_Task to complete:_ From the line that includes "from ezdxf.enums import" down to the final line of the data below, copy every line exactly and leave the rest out.

━━ Supplied entries ━━

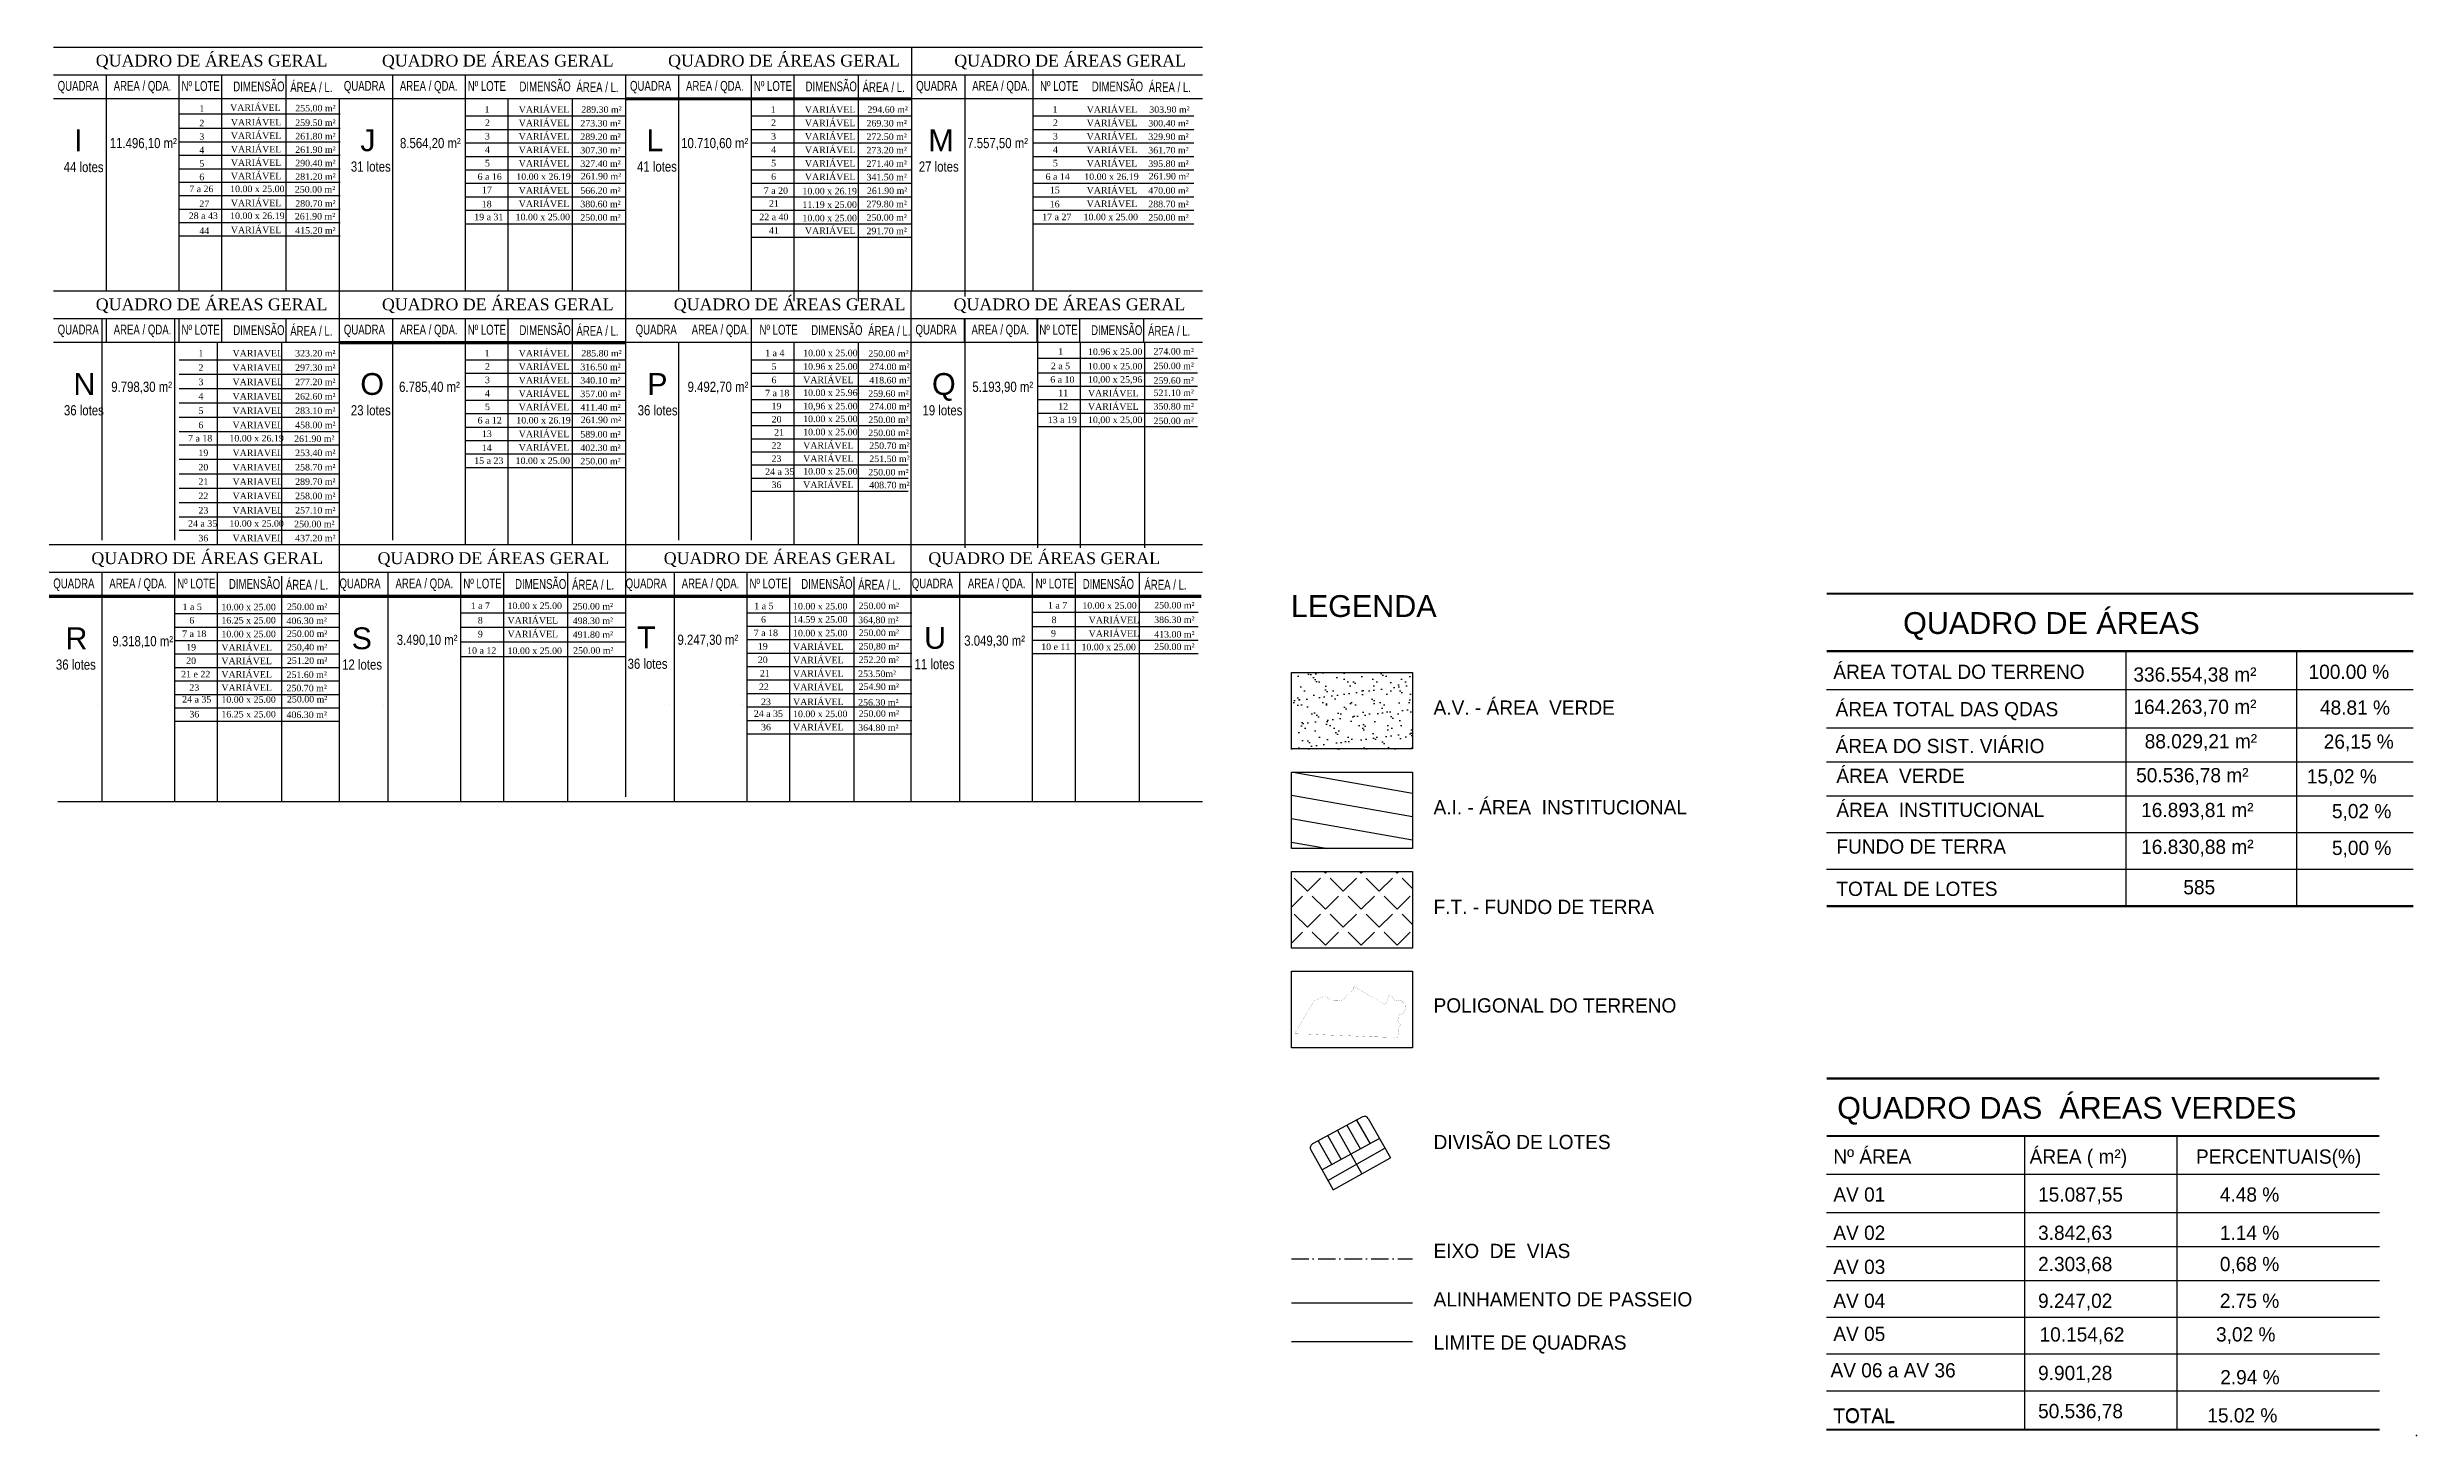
# Model space of a CAD drawing. Header units: millimetres. Extents: x 1794 to 8081, y 409 to 2272.
# Drawn here: x 2128 to 2779, y 1890 to 2272 of the extents above; entities that cross this region are included whole.
import ezdxf
from ezdxf.enums import TextEntityAlignment as Align

# ---------------------------------------------------------------- set-up
doc = ezdxf.new("R2010")
doc.units = ezdxf.units.MM
doc.linetypes.add('ACAD_ISO10W100', pattern=[18, 12, -3, 0, -3])
for name, color, linetype in [('02 - EIXO VIA', 2, 'ACAD_ISO10W100'), ('03 - CALÇADA', 1, 'Continuous'), ('Cota', 8, 'Continuous'), ('FAIXAS VERDES', 62, 'Continuous'), ('HATCH', 8, 'Continuous'), ('LINHAGROSSA', 230, 'Continuous'), ('LOTES', 2, 'Continuous'), ('Poligonal', 3, 'Continuous'), ('Pontos', 2, 'Continuous'), ('QUADRAS', 3, 'Continuous'), ('QUADROS', 2, 'Continuous'), ('Texto', 2, 'Continuous')]:
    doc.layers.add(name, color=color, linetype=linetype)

━━━

_Your response:_
from ezdxf.enums import TextEntityAlignment as Align

# ---------------------------------------------------------------- set-up
doc = ezdxf.new("R2010")
doc.units = ezdxf.units.MM
doc.linetypes.add('ACAD_ISO10W100', pattern=[18, 12, -3, 0, -3])
for name, color, linetype in [('02 - EIXO VIA', 2, 'ACAD_ISO10W100'), ('03 - CALÇADA', 1, 'Continuous'), ('Cota', 8, 'Continuous'), ('FAIXAS VERDES', 62, 'Continuous'), ('HATCH', 8, 'Continuous'), ('LINHAGROSSA', 230, 'Continuous'), ('LOTES', 2, 'Continuous'), ('Poligonal', 3, 'Continuous'), ('Pontos', 2, 'Continuous'), ('QUADRAS', 3, 'Continuous'), ('QUADROS', 2, 'Continuous'), ('Texto', 2, 'Continuous')]:
    doc.layers.add(name, color=color, linetype=linetype)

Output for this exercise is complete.